- ACTIVITY -
Report each line from the entries in which "CIRCLE" can be found.

- RECORDS SHOWN -
--------------------------------

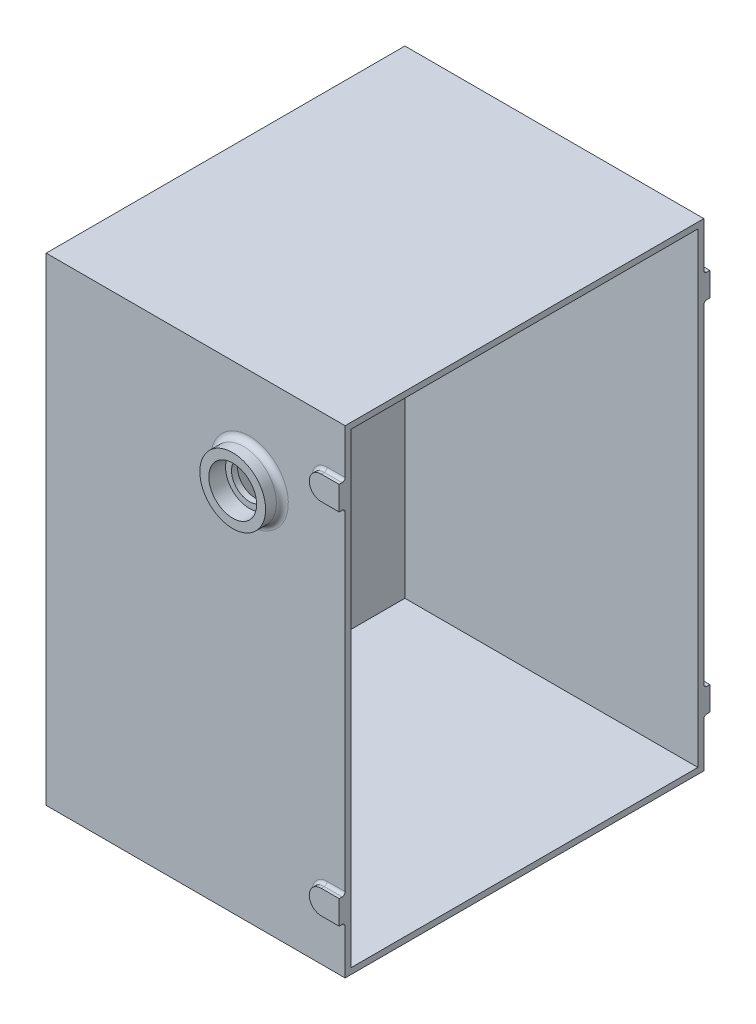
ISO-10303-21;
HEADER;
FILE_DESCRIPTION(('STEP AP214'),'2;1');
FILE_NAME('part.step','',(''),(''),'','','');
FILE_SCHEMA(('AUTOMOTIVE_DESIGN { 1 0 10303 214 1 1 1 1 }'));
ENDSEC;
DATA;
#1=APPLICATION_CONTEXT('core data for automotive mechanical design processes');
#2=APPLICATION_PROTOCOL_DEFINITION('international standard','automotive_design',2000,#1);
#3=PRODUCT_CONTEXT('',#1,'mechanical');
#4=PRODUCT('Part','Part','',(#3));
#5=PRODUCT_RELATED_PRODUCT_CATEGORY('part','',(#4));
#6=PRODUCT_DEFINITION_FORMATION('','',#4);
#7=PRODUCT_DEFINITION_CONTEXT('part definition',#1,'design');
#8=PRODUCT_DEFINITION('design','',#6,#7);
#9=PRODUCT_DEFINITION_SHAPE('','',#8);
#10=(LENGTH_UNIT() NAMED_UNIT(*) SI_UNIT(.MILLI.,.METRE.));
#11=(NAMED_UNIT(*) PLANE_ANGLE_UNIT() SI_UNIT($,.RADIAN.));
#12=(NAMED_UNIT(*) SI_UNIT($,.STERADIAN.) SOLID_ANGLE_UNIT());
#13=UNCERTAINTY_MEASURE_WITH_UNIT(LENGTH_MEASURE(1.E-05),#10,'distance_accuracy_value','');
#14=(GEOMETRIC_REPRESENTATION_CONTEXT(3) GLOBAL_UNCERTAINTY_ASSIGNED_CONTEXT((#13)) GLOBAL_UNIT_ASSIGNED_CONTEXT((#10,
#11,#12)) REPRESENTATION_CONTEXT('',''));
#15=CARTESIAN_POINT('',(0.,0.,0.));
#16=DIRECTION('',(0.,0.,1.));
#17=DIRECTION('',(1.,0.,0.));
#18=AXIS2_PLACEMENT_3D('',#15,#16,#17);
#19=CARTESIAN_POINT('',(170.,120.,150.));
#20=DIRECTION('',(0.,0.,1.));
#21=DIRECTION('',(1.,0.,0.));
#22=AXIS2_PLACEMENT_3D('',#19,#20,#21);
#23=CYLINDRICAL_SURFACE('',#22,20.);
#24=CARTESIAN_POINT('',(170.,120.,164.));
#25=DIRECTION('',(0.,0.,1.));
#26=DIRECTION('',(1.,0.,0.));
#27=AXIS2_PLACEMENT_3D('',#24,#25,#26);
#28=CIRCLE('',#27,20.);
#29=CARTESIAN_POINT('',(190.,120.,164.));
#30=VERTEX_POINT('',#29);
#31=EDGE_CURVE('E264',#30,#30,#28,.F.);
#32=ORIENTED_EDGE('',*,*,#31,.F.);
#33=EDGE_LOOP('',(#32));
#34=FACE_BOUND('',#33,.T.);
#35=CARTESIAN_POINT('',(170.,120.,150.));
#36=DIRECTION('',(0.,0.,1.));
#37=DIRECTION('',(1.,0.,0.));
#38=AXIS2_PLACEMENT_3D('',#35,#36,#37);
#39=CIRCLE('',#38,20.);
#40=CARTESIAN_POINT('',(190.,120.,150.));
#41=VERTEX_POINT('',#40);
#42=EDGE_CURVE('E267',#41,#41,#39,.T.);
#43=ORIENTED_EDGE('',*,*,#42,.F.);
#44=EDGE_LOOP('',(#43));
#45=FACE_BOUND('',#44,.T.);
#46=ADVANCED_FACE('F16',(#34,#45),#23,.F.);
#47=CARTESIAN_POINT('',(0.,200.,150.));
#48=DIRECTION('',(0.,0.,1.));
#49=DIRECTION('',(1.,0.,0.));
#50=AXIS2_PLACEMENT_3D('',#47,#48,#49);
#51=PLANE('',#50);
#52=CARTESIAN_POINT('',(170.,120.,150.));
#53=DIRECTION('',(0.,0.,1.));
#54=DIRECTION('',(1.,0.,0.));
#55=AXIS2_PLACEMENT_3D('',#52,#53,#54);
#56=CIRCLE('',#55,15.);
#57=CARTESIAN_POINT('',(185.,120.,150.));
#58=VERTEX_POINT('',#57);
#59=EDGE_CURVE('E261',#58,#58,#56,.F.);
#60=ORIENTED_EDGE('',*,*,#59,.T.);
#61=EDGE_LOOP('',(#60));
#62=FACE_BOUND('',#61,.T.);
#63=ORIENTED_EDGE('',*,*,#42,.T.);
#64=EDGE_LOOP('',(#63));
#65=FACE_BOUND('',#64,.T.);
#66=ADVANCED_FACE('F1182',(#62,#65),#51,.T.);
#67=CARTESIAN_POINT('',(0.,0.,164.));
#68=DIRECTION('',(0.,0.,1.));
#69=DIRECTION('',(1.,0.,0.));
#70=AXIS2_PLACEMENT_3D('',#67,#68,#69);
#71=PLANE('',#70);
#72=ORIENTED_EDGE('',*,*,#31,.T.);
#73=EDGE_LOOP('',(#72));
#74=FACE_BOUND('',#73,.T.);
#75=CARTESIAN_POINT('',(170.,120.,164.));
#76=DIRECTION('',(0.,0.,1.));
#77=DIRECTION('',(1.,0.,0.));
#78=AXIS2_PLACEMENT_3D('',#75,#76,#77);
#79=CIRCLE('',#78,27.5);
#80=CARTESIAN_POINT('',(197.5,120.,164.));
#81=VERTEX_POINT('',#80);
#82=EDGE_CURVE('E246',#81,#81,#79,.F.);
#83=ORIENTED_EDGE('',*,*,#82,.F.);
#84=EDGE_LOOP('',(#83));
#85=FACE_BOUND('',#84,.T.);
#86=ADVANCED_FACE('F1172',(#74,#85),#71,.T.);
#87=CARTESIAN_POINT('',(170.,120.,150.));
#88=DIRECTION('',(0.,0.,1.));
#89=DIRECTION('',(1.,0.,0.));
#90=AXIS2_PLACEMENT_3D('',#87,#88,#89);
#91=CYLINDRICAL_SURFACE('',#90,15.);
#92=CARTESIAN_POINT('',(170.,120.,145.));
#93=DIRECTION('',(0.,0.,1.));
#94=DIRECTION('',(1.,0.,0.));
#95=AXIS2_PLACEMENT_3D('',#92,#93,#94);
#96=CIRCLE('',#95,15.);
#97=CARTESIAN_POINT('',(185.,120.,145.));
#98=VERTEX_POINT('',#97);
#99=EDGE_CURVE('E331',#98,#98,#96,.T.);
#100=ORIENTED_EDGE('',*,*,#99,.F.);
#101=EDGE_LOOP('',(#100));
#102=FACE_BOUND('',#101,.T.);
#103=ORIENTED_EDGE('',*,*,#59,.F.);
#104=EDGE_LOOP('',(#103));
#105=FACE_BOUND('',#104,.T.);
#106=ADVANCED_FACE('F1162',(#102,#105),#91,.F.);
#107=CARTESIAN_POINT('',(5.,0.,0.));
#108=DIRECTION('',(1.,0.,0.));
#109=DIRECTION('',(0.,0.,-1.));
#110=AXIS2_PLACEMENT_3D('',#107,#108,#109);
#111=PLANE('',#110);
#112=DIRECTION('',(0.,1.,0.));
#113=VECTOR('',#112,1.);
#114=CARTESIAN_POINT('',(5.,195.,-145.));
#115=LINE('',#114,#113);
#116=CARTESIAN_POINT('',(5.,195.,-145.));
#117=VERTEX_POINT('',#116);
#118=CARTESIAN_POINT('',(5.,-195.,-145.));
#119=VERTEX_POINT('',#118);
#120=EDGE_CURVE('E407',#117,#119,#115,.F.);
#121=ORIENTED_EDGE('',*,*,#120,.F.);
#122=DIRECTION('',(0.,0.,-1.));
#123=VECTOR('',#122,1.);
#124=CARTESIAN_POINT('',(5.,195.,145.));
#125=LINE('',#124,#123);
#126=CARTESIAN_POINT('',(5.,195.,145.));
#127=VERTEX_POINT('',#126);
#128=EDGE_CURVE('E334',#127,#117,#125,.T.);
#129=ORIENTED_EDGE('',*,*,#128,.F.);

--------------------------------

- TASK OUTPUT -
#28=CIRCLE('',#27,20.);
#39=CIRCLE('',#38,20.);
#56=CIRCLE('',#55,15.);
#79=CIRCLE('',#78,27.5);
#96=CIRCLE('',#95,15.);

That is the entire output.